All the rage right now in the homebrewing world is a concept called "sour worting". The general idea is to quick sour a beer by pitching a Lactobacillis bacteria into unboiled wort to pre acidify it. One of the more creative approaches to this is to use an alternative source (those other then the standard homebrew yeast producers) of this souring bacteria. The Facebook group "Milk the Funk" (MTF) is a treasure trove of information on this topic and was the inspiration for this brew.

The Berliner Weisse style of beer is a historical style from Germany, more specifically as the name implies, the city of Berlin. It is typically a very sour, sessionable wheat beer. Traditional serving includes adding a sweet syrup at serving time to cut the acidity, however, many now are just drinking it as a straight sour.

Recipe base is from the MTF wiki recipe page for this style.

The Recipe

Grain/Sugars:
 4.75 lbs. Pilsner (DE) [66%]
 2.50 lbs. Wheat (CA) [34%]

Hops:
 0.50 oz. East Kent Goldings

Yeast:
 Lactobacillus Plantarum - Goodbelly JuiceDrink Mango - 1 carton
WLP644 Saccharomyces "Bruxellensis" Trois - 2nd generation repitch

Extras:
 1.0 oz 88% Lactic Acid

Brewday

4/15/2016 Step 1: Wort production and souring phase
The initial wort production was completely standard. With such a small amount of grains and some

time limits I went BIAB. Heated up 6.1 gallons of tap water to 151 F. Doughed in the grains and watched it settle right in at 148 F mash temp. Put the cover on, wrapped the pot in blankets and let it do it's converting. After about 50 minutes pulled and drained the bag, collecting about 5.75 gallons of 1.036 wort. Chilled that down to 100 F as per the MTF recipe (this still seems really hot to me). Added some lactic acid to pre-acidify the wort prior to pitching the lacto bacteria. Rack the wort onto the entire carton of the Goodbelly JuiceDrink. Moved the carboy down to the warmest part of the basement and left it for 3 days. *Unfortunately my PH meter is not working so i don't have measurements.
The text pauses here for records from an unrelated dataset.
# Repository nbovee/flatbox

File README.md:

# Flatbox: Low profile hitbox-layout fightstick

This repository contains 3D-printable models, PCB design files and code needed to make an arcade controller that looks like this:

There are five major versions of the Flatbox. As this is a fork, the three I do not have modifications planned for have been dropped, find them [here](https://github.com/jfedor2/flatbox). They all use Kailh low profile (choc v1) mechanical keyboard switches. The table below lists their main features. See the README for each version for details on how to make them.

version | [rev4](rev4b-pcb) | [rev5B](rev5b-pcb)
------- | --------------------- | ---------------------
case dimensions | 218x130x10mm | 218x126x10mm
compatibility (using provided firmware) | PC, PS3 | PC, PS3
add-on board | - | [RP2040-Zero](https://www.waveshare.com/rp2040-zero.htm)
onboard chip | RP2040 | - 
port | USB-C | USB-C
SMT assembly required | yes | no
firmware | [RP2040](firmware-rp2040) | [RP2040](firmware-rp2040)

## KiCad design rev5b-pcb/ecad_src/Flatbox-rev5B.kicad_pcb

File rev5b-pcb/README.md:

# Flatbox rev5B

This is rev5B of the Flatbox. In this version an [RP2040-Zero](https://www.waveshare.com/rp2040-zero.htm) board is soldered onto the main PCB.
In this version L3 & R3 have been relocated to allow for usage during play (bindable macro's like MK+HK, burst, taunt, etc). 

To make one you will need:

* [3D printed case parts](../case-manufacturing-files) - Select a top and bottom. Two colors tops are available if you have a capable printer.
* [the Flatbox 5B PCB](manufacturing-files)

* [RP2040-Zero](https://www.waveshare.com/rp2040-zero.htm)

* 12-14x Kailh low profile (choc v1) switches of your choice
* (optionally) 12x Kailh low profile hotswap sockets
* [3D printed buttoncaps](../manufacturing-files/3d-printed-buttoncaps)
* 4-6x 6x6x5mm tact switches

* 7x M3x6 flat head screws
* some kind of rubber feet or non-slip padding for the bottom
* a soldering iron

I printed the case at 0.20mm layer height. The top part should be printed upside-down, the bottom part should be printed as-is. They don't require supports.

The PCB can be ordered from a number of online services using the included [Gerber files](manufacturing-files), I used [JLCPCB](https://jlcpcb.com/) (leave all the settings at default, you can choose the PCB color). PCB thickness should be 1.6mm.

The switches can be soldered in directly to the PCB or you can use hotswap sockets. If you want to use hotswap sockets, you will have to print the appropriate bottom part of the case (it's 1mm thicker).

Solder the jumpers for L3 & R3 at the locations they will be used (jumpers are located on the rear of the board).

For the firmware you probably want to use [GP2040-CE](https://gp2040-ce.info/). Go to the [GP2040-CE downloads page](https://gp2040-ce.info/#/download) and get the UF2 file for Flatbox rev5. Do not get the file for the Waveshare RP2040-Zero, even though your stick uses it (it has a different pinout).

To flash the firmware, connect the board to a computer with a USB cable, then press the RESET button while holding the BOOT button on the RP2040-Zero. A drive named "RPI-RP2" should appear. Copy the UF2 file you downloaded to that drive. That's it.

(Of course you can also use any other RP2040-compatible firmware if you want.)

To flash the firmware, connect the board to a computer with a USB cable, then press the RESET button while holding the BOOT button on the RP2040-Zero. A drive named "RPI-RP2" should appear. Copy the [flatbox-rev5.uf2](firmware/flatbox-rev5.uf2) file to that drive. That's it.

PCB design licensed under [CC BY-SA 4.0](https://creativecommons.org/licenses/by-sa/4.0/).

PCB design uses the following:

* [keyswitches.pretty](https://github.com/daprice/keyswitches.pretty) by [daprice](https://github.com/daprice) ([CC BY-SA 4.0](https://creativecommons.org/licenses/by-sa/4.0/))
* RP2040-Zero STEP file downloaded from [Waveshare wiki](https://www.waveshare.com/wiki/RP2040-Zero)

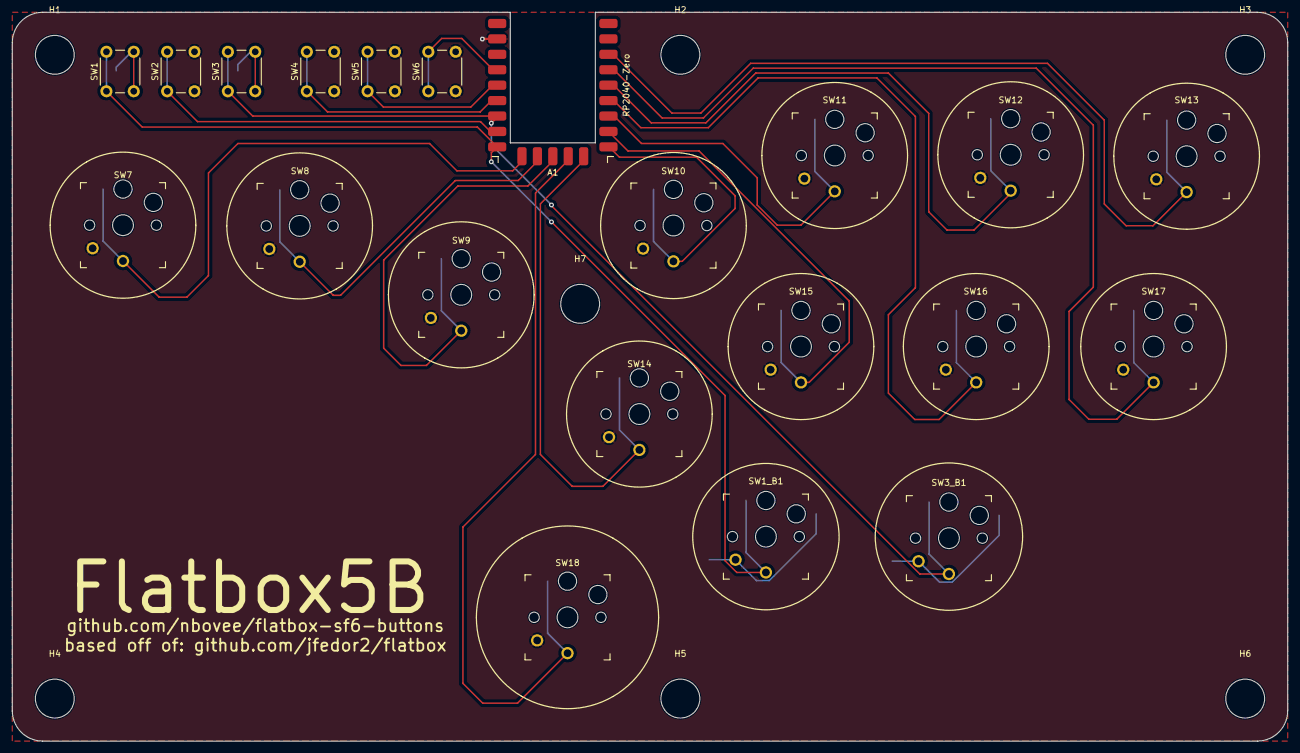
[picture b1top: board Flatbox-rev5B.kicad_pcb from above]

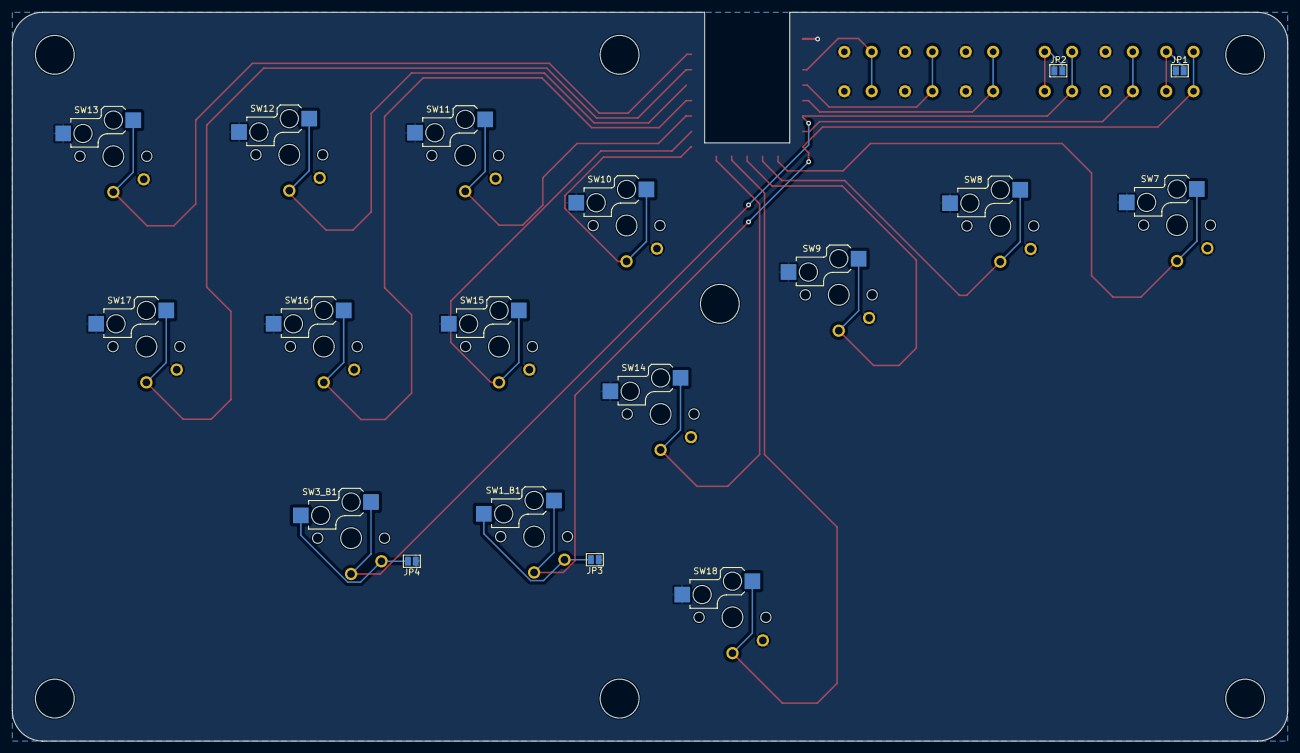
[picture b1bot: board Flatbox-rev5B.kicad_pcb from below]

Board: 2 copper layers, 210.0 x 120.0 mm, 32 parts (4 on the bottom side), 23 nets.

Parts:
A1: RP2040-Zero
H1, H2, H3, H4, H5, H6, H7: MountingHole; MountingHole_6.4mm_M6
JP1: SW1_JP; SolderJumper-2_P1.3mm_Open_Pad1.0x1.5mm
JP2: SW3_JP; SolderJumper-2_P1.3mm_Open_Pad1.0x1.5mm
JP3: SW1B_JP; SolderJumper-2_P1.3mm_Open_Pad1.0x1.5mm
JP4: SW3B_JP; SolderJumper-2_P1.3mm_Open_Pad1.0x1.5mm
SW1, SW2, SW3, SW4, SW5, SW6: SW_Push; SW_PUSH_6mm_H5mm
SW1_B1, SW3_B1, SW7, SW8, SW9, SW10, SW11, SW12, SW13, SW14, SW15, SW16, SW17, SW18: SW_Push; Kailh_socket_PG1350_optional

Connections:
CIRCLE: A1.8 (GPIO7), SW15.1
CROSS: A1.10 (GPIO9), SW14.1
DOWN: A1.13 (GPIO12), SW8.1
GND: A1.23 (GND), JP1.1 (A), JP2.1 (A), JP3.1 (A), JP4.1 (A), SW2.2, SW4.2, SW5.2, SW6.2, SW7.2, SW8.2, SW9.2, SW10.2, SW11.2, SW12.2, SW13.2, SW14.2, SW15.2, SW16.2, SW17.2, SW18.2
HOME: A1.19 (GPIO28), SW5.1
L1: A1.3 (GPIO2), SW13.1
L2: A1.4 (GPIO3), SW17.1
L3: A1.15 (GPIO14), SW1.1, SW1_B1.1
LEFT: A1.14 (GPIO13), SW7.1
unnamed: JP1.2 (B), SW1.2
unnamed: JP2.2 (B), SW3.2
unnamed: JP3.2 (B), SW1_B1.2
unnamed: JP4.2 (B), SW3_B1.2
OPT2: A1.16 (GPIO15), SW2.1
R1: A1.5 (GPIO4), SW12.1
R2: A1.6 (GPIO5), SW16.1
R3: A1.17 (GPIO26), SW3.1, SW3_B1.1
RIGHT: A1.12 (GPIO11), SW9.1
SELECT: A1.18 (GPIO27), SW4.1
SQUARE: A1.9 (GPIO8), SW10.1
START: A1.20 (GPIO29), SW6.1
TRIANGLE: A1.7 (GPIO6), SW11.1
UP: A1.11 (GPIO10), SW18.1

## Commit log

2023-08-11 5B pcb changes
2023-08-11 add note about extra switches
2023-08-11 rev 5B for additional buttons during play
2023-08-11 fix readme
2023-08-11 Rev 5 b (#1)
    * 5B pcb changes
    * add note about extra switches
    * 5B case changes and reorg
    * fix readme
2023-08-11 drop files from rev5 folder, swap Readme
2023-08-11 Rev 5 b (#2)
    * 5B folder with pcb and case changes
    * updated Readme
2023-08-11 drop incorrect files
2023-08-13 add color regions to new case tops
2023-08-13 drop versions I dont want to support
2023-08-13 drop zip in favor of inclusion of project files
2023-08-13 revise readme for fork
2023-08-13 drop rev5
2023-08-13 drop atmega
2023-08-13 update readme for stub
2023-08-13 reorg
2023-08-13 update attribution to fork
2023-08-13 expose kicad files for versioning
2023-08-13 note about two color case
2023-08-13 reflect stated license in repo format
2023-08-13 drop license from root, it applies to PCB only
2023-08-13 rm backups that snuck in
2023-08-13 correct gitignore pattern
2023-08-13 fix table
2023-08-13 add manufacturing files
2023-08-30 5B update
2023-08-30 drop 4B until updated
2023-08-30 drop 2 color case until I can push the correct stl
2023-08-30 drop firmware to match upstream
2023-08-30 rev image
2023-08-30 savepoint
2023-08-30 redirect firmware

4/18/2016 Step 2: Pasteurization and saccharomyces fermentation
After the 3 days allowing the lacto to chew on the wort, it had a hint of sour, but not over the top as I was expecting. Schedules being what they are, I had no other opportunity to finish this later, so it was what it was. Transferred the wort back to the kettle. Added in half an ounce of old EKG hops and brought lit the fire. Held temp around 180 for 5 minutes and killed the flame.
Chilled it down and pitched the second generation WLP644 yeast.


After a week in primary on the clean yeast, initial tastings have been very reminiscent of lemonade, not super sour, but a good tart flavor. Regardless, it should be a really easy drinking session-able ale for summer.